## Entries taken from a collection:
-*-

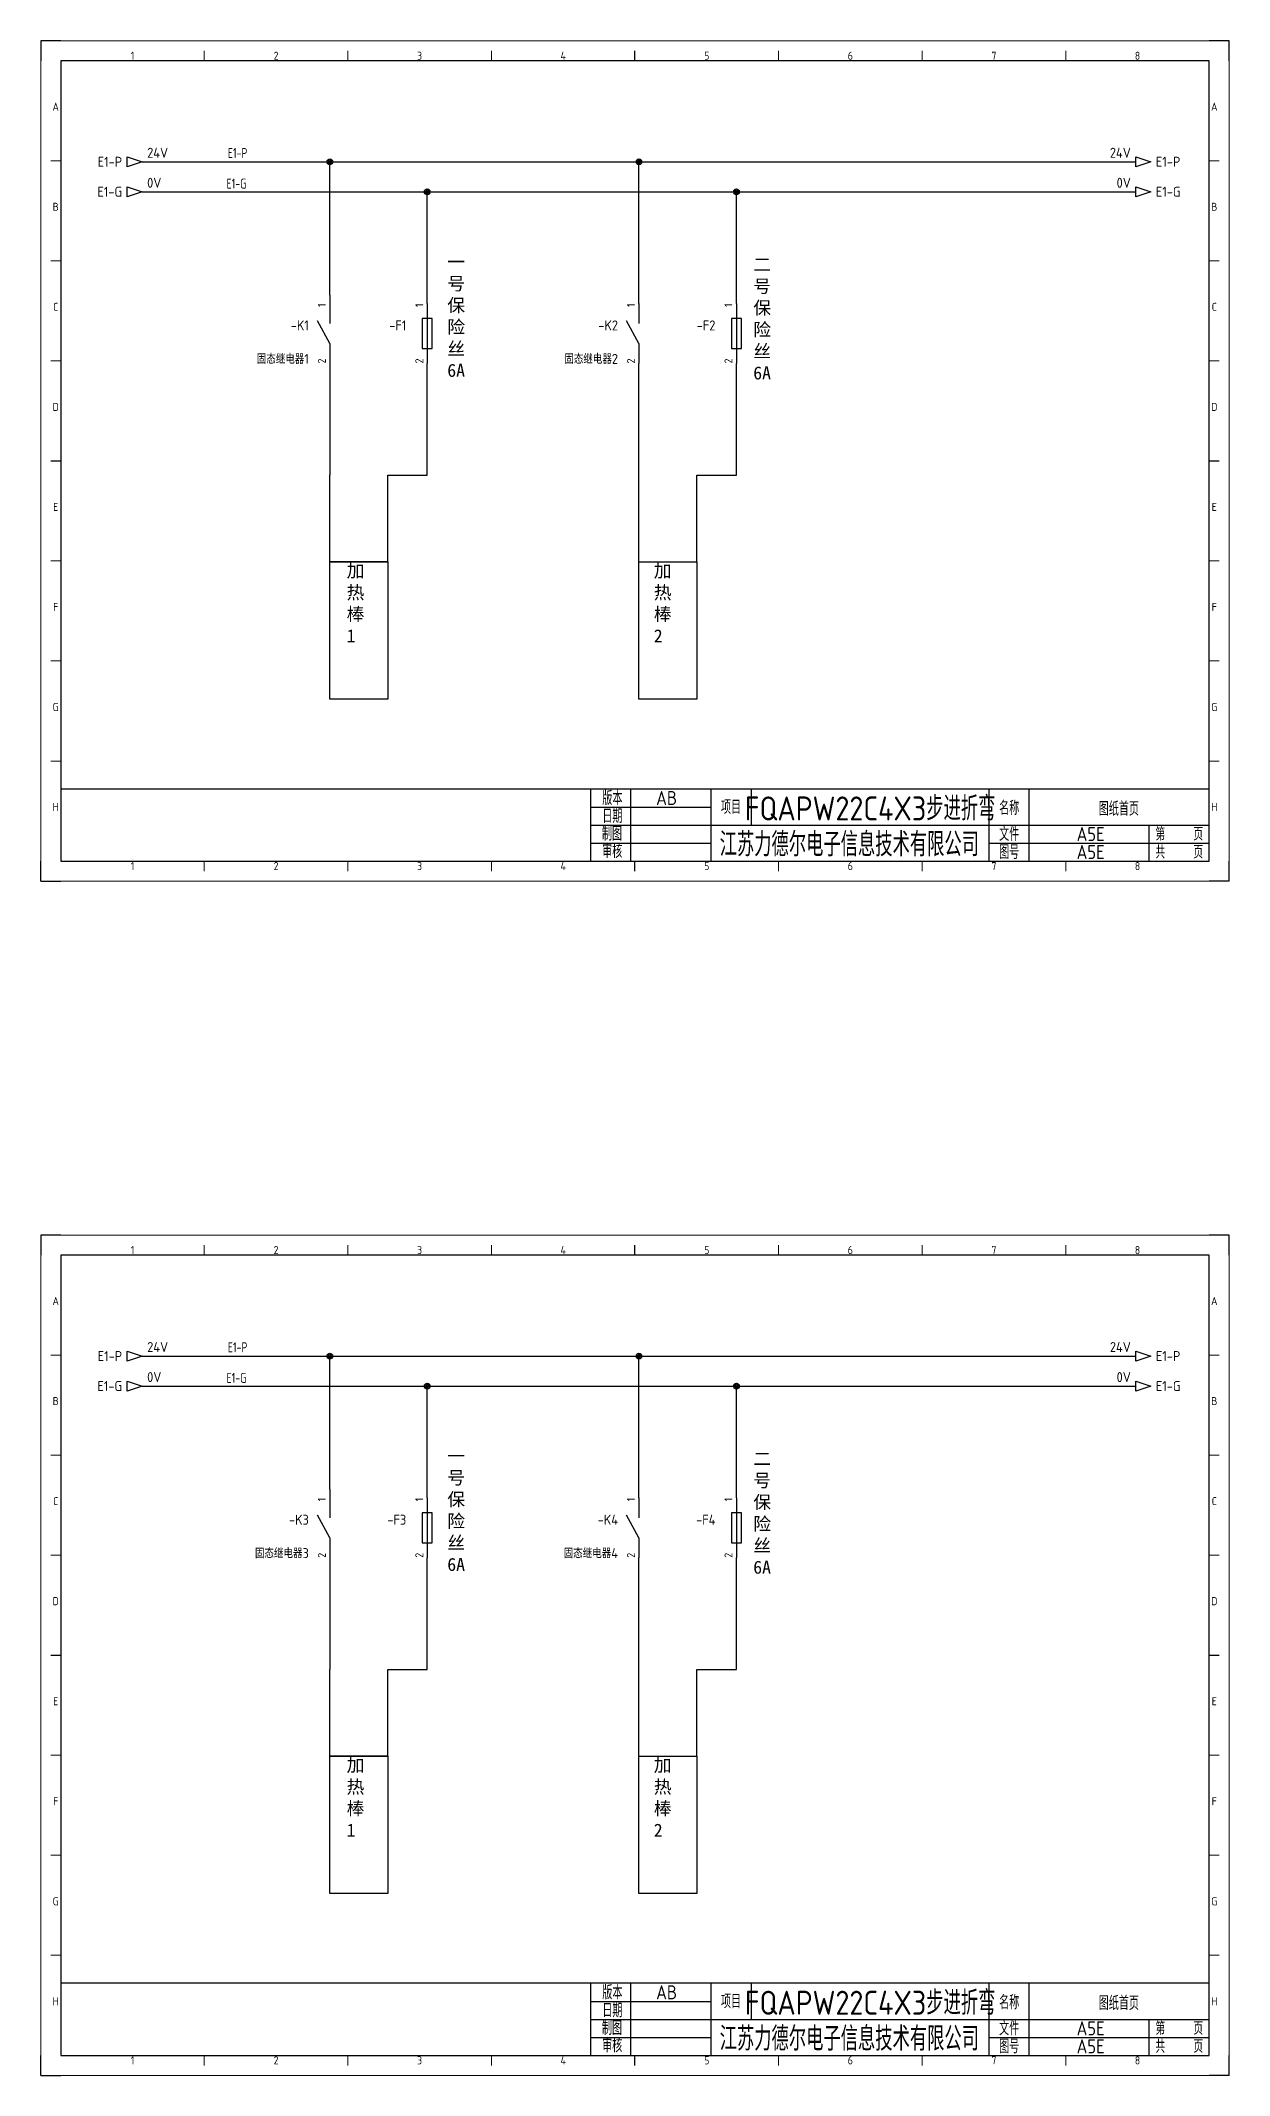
# Model space of a CAD drawing. Header units: millimetres. Extents: x -1494 to 5708, y 2764 to 5210.
# Drawn here: x 2257 to 2851, y 3991 to 5008 of the extents above; entities that cross this region are included whole.
import ezdxf
from ezdxf.enums import TextEntityAlignment as Align

# ---------------------------------------------------------------- set-up
doc = ezdxf.new("R2010")
doc.units = ezdxf.units.MM
for name, color, linetype in [('AE_BOR', 1, 'Continuous'), ('DESCCHILD', 20, 'Continuous'), ('SYMS', 7, 'Continuous'), ('TAGS', 51, 'Continuous'), ('TERMS', 123, 'Continuous'), ('WIRENO', 70, 'Continuous'), ('WIREREF', 61, 'Continuous'), ('WIREREF_DEST', 61, 'Continuous'), ('XREF', 7, 'Continuous'), ('图框_标题栏属性', 1, 'Continuous'), ('图框_标题栏文字', 6, 'Continuous')]:
    doc.layers.add(name, color=color, linetype=linetype)
doc.styles.add('ACGBTS', font='ISOCP.SHX')
doc.styles.get("Standard").update_dxf_attribs({"font": 'arial.ttf'})
doc.styles.add('WD_IEC', font='ISOCP2.shx', dxfattribs={"height": 4, "bigfont": 'gbcbig.shx'})
doc.styles.add('工程字', font='gbenor.shx', dxfattribs={"bigfont": 'gbcbig.shx'})

# ---------------------------------------------------------------- blocks, each defined once
blk = doc.blocks.new('HA1D3')
blk.add_lwpolyline([(0, 0), (-3.75, -1.25), (-3.75, 1.25)], close=True)
at = {"style": 'WD_IEC'}
blk.add_attdef('XREF', text='', height=2.5, dxfattribs=at).set_placement((-5, 0), align=Align.MIDDLE_RIGHT)
at = {"style": 'WD_IEC', "flags": 1}
blk.add_attdef('SIGCODE', text='', height=1, dxfattribs=at).set_placement((-2.5, 1.8), align=Align.RIGHT)
at = {"style": 'WD_IEC'}
for tag, p, height, flags in [('X1TERM01', (0, 0), 0.32, 1), ('WIRENO', (1.25, 1), 2.5, 8)]:
    blk.add_attdef(tag, p, '', height=height, dxfattribs=dict(at, flags=flags))
blk.add_attdef('DESC1', text='', height=2.5, dxfattribs=at).set_placement((1.25, -1), align=Align.TOP_LEFT)
blk = doc.blocks.new('HA1S1')
blk.add_lwpolyline([(0, 1.25), (3.75, 0), (0, -1.25)], close=True)
at = {"style": 'WD_IEC'}
for tag, height, flags, p in [('WIRENO', 2.5, 8, (-1.25, 1)), ('SIGCODE', 1, 1, (5, 1.8))]:
    blk.add_attdef(tag, text='', height=height, dxfattribs=dict(at, flags=flags)).set_placement(p, align=Align.RIGHT)
at = {"style": 'WD_IEC', "flags": 1}
blk.add_attdef('X4TERM01', (0, 0), '', height=0.32, dxfattribs=at)
at = {"style": 'WD_IEC'}
blk.add_attdef('XREF', text='', height=2.5, dxfattribs=at).set_placement((5, 0), align=Align.MIDDLE_LEFT)
blk.add_attdef('DESC1', text='', height=2.5, dxfattribs=at).set_placement((-1.25, -1), align=Align.TOP_RIGHT)
blk = doc.blocks.new('WD_WNH')
at = {"linetype": 'Continuous', "style": 'WD_IEC', "width": 0.8}
blk.add_attdef('WIRENO', text='', height=2.5, dxfattribs=at).set_placement((0, 0.75), align=Align.CENTER)
at = {"style": 'WD_IEC', "flags": 1}
for tag, p in [('W08USER', (0, 0.375)), ('W04USER', (0, 0.875)), ('W05USER', (0, 0.75)), ('W09USER', (0, 0.25)), ('W03USER', (0, 1)), ('W06USER', (0, 0.625)), ('W07USER', (0, 0.5)), ('W02USER', (0, 1.125)), ('W01USER', (0, 1.25)), ('W10USER', (0, 0.125))]:
    blk.add_attdef(tag, text='', height=0.08, dxfattribs=at).set_placement(p, align=Align.CENTER)
blk = doc.blocks.new('WDDOT')
for radius in [0.72, 0.449, 0.223]:
    blk.add_circle((0, 0), radius)
blk = doc.blocks.new('Border')
for p, q in [((584, 410), (10, 410)), ((10, 410), (10, 10)), ((584, 10), (584, 410)), ((10, 10), (584, 10))]:
    blk.add_line(p, q)
at = {"layer": 'AE_BOR', "color": 1, "lineweight": 30}
for p, q in [((10, 420), (0, 420)), ((0, 420), (0, 410)), ((594, 420), (584, 420)), ((594, 410), (594, 420)), ((297, 410), (297, 415)), ((5, 210), (10, 210)), ((584, 210), (589, 210)), ((0, 0), (0, 10)), ((0, 0), (10, 0)), ((297, 5), (297, 10)), ((594, 0), (584, 0)), ((594, 0), (594, 10))]:
    blk.add_line(p, q, dxfattribs=at)
at = {"layer": 'AE_BOR', "color": 1, "lineweight": 15}
for p, q in [((0, 420), (594, 420)), ((0, 0), (0, 420)), ((594, 420), (594, 0)), ((81.75, 410), (81.75, 415)), ((153.5, 410), (153.5, 415)), ((225.25, 410), (225.25, 415)), ((368.75, 410), (368.75, 415)), ((440.5, 410), (440.5, 415)), ((512.25, 410), (512.25, 415)), ((10, 360), (5, 360)), ((589, 360), (584, 360)), ((10, 310), (5, 310)), ((589, 310), (584, 310)), ((10, 260), (5, 260)), ((589, 260), (584, 260)), ((10, 160), (5, 160)), ((589, 160), (584, 160)), ((10, 110), (5, 110)), ((589, 110), (584, 110)), ((10, 60), (5, 60)), ((589, 60), (584, 60)), ((594, 0), (0, 0)), ((81.75, 5), (81.75, 10)), ((153.5, 5), (153.5, 10)), ((225.25, 5), (225.25, 10)), ((368.75, 5), (368.75, 10)), ((440.5, 5), (440.5, 10)), ((512.25, 5), (512.25, 10))]:
    blk.add_line(p, q, dxfattribs=at)
at = {"layer": 'AE_BOR', "color": 1, "lineweight": 15, "style": 'ACGBTS'}
for s, p in [('1', (45.875, 412.5)), ('2', (117.625, 412.5)), ('3', (189.375, 412.5)), ('4', (261.125, 412.5)), ('5', (332.875, 412.5)), ('6', (404.625, 412.5)), ('7', (476.375, 412.5)), ('8', (548.125, 412.5)), ('A', (7.5, 387)), ('A', (586.5, 387)), ('B', (7.5, 337)), ('B', (586.5, 337)), ('C', (7.5, 287)), ('C', (586.5, 287)), ('D', (7.5, 237)), ('D', (586.5, 237)), ('E', (7.5, 187)), ('E', (586.5, 187)), ('F', (7.5, 137)), ('F', (586.5, 137)), ('G', (7.5, 87)), ('G', (586.5, 87)), ('H', (7.5, 37)), ('H', (586.5, 37)), ('1', (45.875, 7.5)), ('2', (117.625, 7.5)), ('3', (189.375, 7.5)), ('4', (261.125, 7.5)), ('5', (332.875, 7.5)), ('6', (404.625, 7.5)), ('7', (476.375, 7.5)), ('8', (548.125, 7.5))]:
    blk.add_text(s, height=4, dxfattribs=at).set_placement(p, align=Align.MIDDLE)
blk = doc.blocks.new('TITLE3')
for p, q in [((-309, 0), (-309, 36)), ((-289, 0), (-289, 36)), ((-249, 0), (-249, 36)), ((-249, 0), (-249, 36)), ((-249, 0), (-249, 36)), ((-229, 36), (-229, 27)), ((-110, 0), (-110, 36)), ((-90, 0), (-90, 36)), ((-309, 27), (-249, 27)), ((-229, 27), (-229, 18)), ((-309, 18), (-248, 18)), ((-249, 18), (0, 18)), ((-30, 0), (-30, 18)), ((-309, 9), (-249, 9)), ((-289, 4.2), (-289, 4.2)), ((-289, 4.2), (-289, 4.2)), ((-110, 9), (0, 9))]:
    blk.add_line(p, q)
blk.add_lwpolyline([(-309, 36), (-574, 36), (-574, 0), (-309, 0)], close=True)
blk.add_lwpolyline([(-309, 0), (0, 0), (0, 36), (-309, 36)])
at = {"layer": '图框_标题栏属性', "style": '工程字'}
for tag, height, p in [('版本', 7, (-271.2, 31.5)), ('项目', 12, (-169.5, 27)), ('日期', 7, (-271.2, 22.5)), ('名称', 7, (-45.2, 26.5)), ('制图', 7, (-271.3, 13.7)), ('公司名称', 12, (-179.9, 9)), ('文件', 7, (-59.3, 13.5)), ('页数', 7, (-15, 13.5)), ('审核', 7, (-270.7, 4.7)), ('图号', 7, (-59.3, 4.5)), ('总数', 7, (-15, 4.5))]:
    blk.add_attdef(tag, text='', height=height, dxfattribs=at).set_placement(p, align=Align.MIDDLE)
at = {"layer": '图框_标题栏文字', "style": '工程字'}
for s, height, p in [('版本', 7, (-298.3, 31.5)), ('项目', 7, (-239, 27)), ('名称', 7, (-100, 26.5)), ('日期', 7, (-298.3, 22.5)), ('制图', 7, (-298.5, 13.7)), ('文件', 7, (-100, 13.5)), ('第    页', 6.5, (-15, 13.5)), ('审核', 7, (-298.4, 5)), ('图号', 7, (-100, 4.5)), ('共    页', 6.5, (-15, 4.5))]:
    blk.add_text(s, height=height, dxfattribs=at).set_placement(p, align=Align.MIDDLE_CENTER)
blk = doc.blocks.new('VFU1')
blk.add_line((0, 7.5), (0, -7.5))
blk.add_lwpolyline([(-1.25, 3.75), (-1.25, -3.75), (1.25, -3.75), (1.25, 3.75)], close=True)
at = {"style": 'WD_IEC'}
for tag, p in [('INST', (-5.25, 7.75)), ('LOC', (-5.25, 4.25)), ('TAG1', (-5.25, 0.75)), ('RATING1', (-5.25, -3.75)), ('DESC1', (-5.25, -11.6)), ('XREF', (-5.25, -7.75)), ('DESC2', (-5.25, -15.1)), ('DESC3', (-5.25, -18.6))]:
    blk.add_attdef(tag, text='', height=2.5, dxfattribs=at).set_placement(p, align=Align.RIGHT)
blk.add_attdef('TERM01', text='', height=2, rotation=90, dxfattribs=at).set_placement((-1, 7.5), align=Align.RIGHT)
at = {"style": 'WD_IEC', "flags": 1}
for tag, p, height in [('X2TERM01', (0, 7.5), 0.32), ('MFG', (2.75, 6.5), 1.5), ('CAT', (2.75, 4), 1.5), ('X4LINK', (-1.25, 0), 0.32), ('X1LINK', (1.25, 0), 0.32), ('ASSYCODE', (2.25, -4), 1), ('FAMILY', (2.25, -5.5), 1), ('X8TERM02', (0, -7.5), 0.32), ('CATDESC', (2.25, -7), 1)]:
    blk.add_attdef(tag, p, '', height=height, dxfattribs=at)
at = {"style": 'WD_IEC'}
blk.add_attdef('TERM02', (-1, -7.5), '', height=2, rotation=90, dxfattribs=at)
blk = doc.blocks.new('VCR21')
for p, q in [((0, 7.5), (0, 2.5)), ((0, -2.5), (-3.125, 3.125)), ((0, -2.5), (0, -7.5))]:
    blk.add_line(p, q)
at = {"style": 'WD_IEC'}
for tag, p in [('INST', (-5.25, 7.75)), ('LOC', (-5.25, 4.25)), ('TAG2', (-5.25, 0.75)), ('XREF', (-5.25, -3.75)), ('DESC2', (-5.25, -11.1)), ('DESC1', (-5.25, -7.6)), ('DESC3', (-5.25, -14.6))]:
    blk.add_attdef(tag, text='', height=2.5, dxfattribs=at).set_placement(p, align=Align.RIGHT)
blk.add_attdef('TERM01', text='', height=2, rotation=90, dxfattribs=at).set_placement((-1, 7.5), align=Align.RIGHT)
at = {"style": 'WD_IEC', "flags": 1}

-*-

## PROBLEM REQUIREMENTS:
Please return, exactly as written, the lines from the first line of the records above through the line containing "doc.units = ezdxf.units.MM", both included, leaving out any pictures.

## RESULT OF THE EXERCISE:
# Model space of a CAD drawing. Header units: millimetres. Extents: x -1494 to 5708, y 2764 to 5210.
# Drawn here: x 2257 to 2851, y 3991 to 5008 of the extents above; entities that cross this region are included whole.
import ezdxf
from ezdxf.enums import TextEntityAlignment as Align

# ---------------------------------------------------------------- set-up
doc = ezdxf.new("R2010")
doc.units = ezdxf.units.MM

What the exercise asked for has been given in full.